- **Work request**
A word-for-word copy of the lines from the one holding "line L4 (-20.7846, 12) -> (-20.7846, -12)" through the final line of the records below is the only output asked for.

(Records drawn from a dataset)
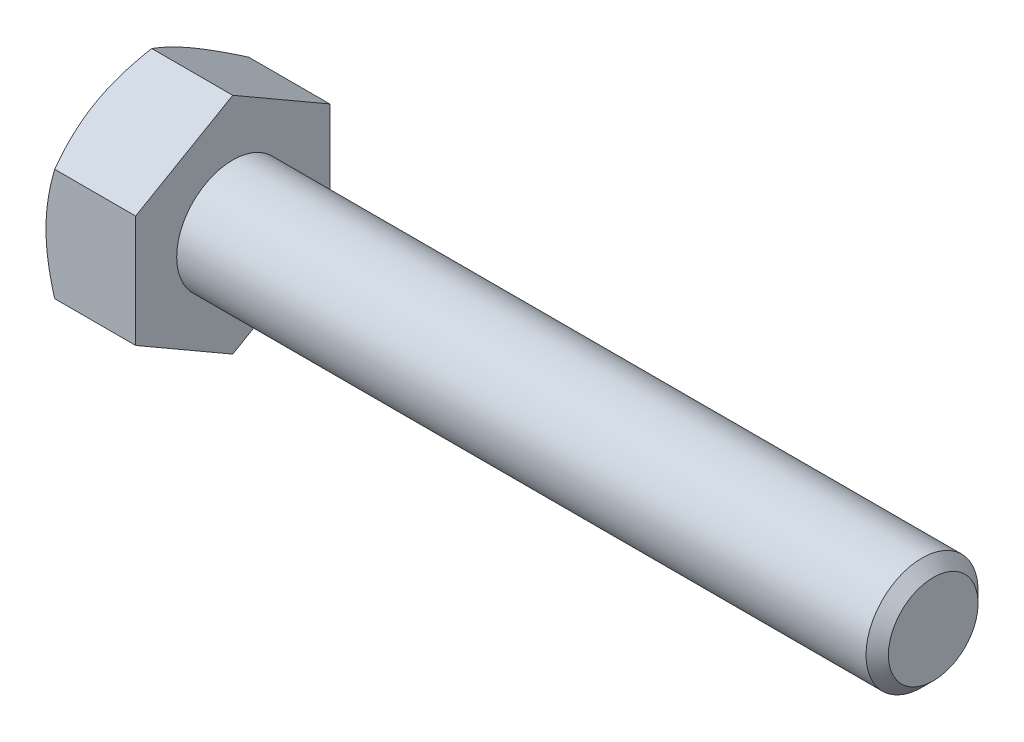
SolidWorks part; units mm, degrees
ref_plane "Front Plane" through (0, 0, 0) normal (0, 0, 1) x (1, 0, 0)
ref_plane "Top Plane" through (0, 0, 0) normal (0, 1, 0) x (1, 0, 0)
ref_plane "Right Plane" through (0, 0, 0) normal (1, 0, 0) x (0, 0, -1)
sketch "Sketch1" plane through (0, 0, 0) normal (1, 0, 0) x (0, 0, -1)
  line L1 (20.7846, -12) -> (20.7846, 12)
  line L2 (20.7846, 12) -> (0, 24)
  line L3 (0, 24) -> (-20.7846, 12)
  line L4 (-20.7846, 12) -> (-20.7846, -12)
  line L5 (-20.7846, -12) -> (0, -24)
  line L6 (0, -24) -> (20.7846, -12)
  circle A0 centre (0, 0) radius 20.7846 construction
extrude "Boss-Extrude1" add sketch "Sketch1" along normal blind 19.2
sketch "Sketch2" plane through (19.2, 0, 0) normal (1, 0, 0) x (0, 0, -1)
  circle A0 centre (0, 0) radius 12
  dimension "D1" = 24
extrude "Boss-Extrude2" add sketch "Sketch2" along normal blind 150
cosmetic thread "Cosmetic Thread2" parameters "D1"=60, "D2"=20.704
sketch "Sketch3" plane through (0, 0, 0) normal (-1, 0, 0) x (0, 0, 1)
  circle A0 centre (0, 0) radius 20.7846
extrude "Cut-Extrude1" cut sketch "Sketch3" against normal blind 19.2 draft 60 flip side to cut
chamfer "Chamfer1" distance 2.4 angle 45 1 edges at (169.2, 0, -12)

- **Task output**
  line L4 (-20.7846, 12) -> (-20.7846, -12)
  line L5 (-20.7846, -12) -> (0, -24)
  line L6 (0, -24) -> (20.7846, -12)
  circle A0 centre (0, 0) radius 20.7846 construction
extrude "Boss-Extrude1" add sketch "Sketch1" along normal blind 19.2
sketch "Sketch2" plane through (19.2, 0, 0) normal (1, 0, 0) x (0, 0, -1)
  circle A0 centre (0, 0) radius 12
  dimension "D1" = 24
extrude "Boss-Extrude2" add sketch "Sketch2" along normal blind 150
cosmetic thread "Cosmetic Thread2" parameters "D1"=60, "D2"=20.704
sketch "Sketch3" plane through (0, 0, 0) normal (-1, 0, 0) x (0, 0, 1)
  circle A0 centre (0, 0) radius 20.7846
extrude "Cut-Extrude1" cut sketch "Sketch3" against normal blind 19.2 draft 60 flip side to cut
chamfer "Chamfer1" distance 2.4 angle 45 1 edges at (169.2, 0, -12)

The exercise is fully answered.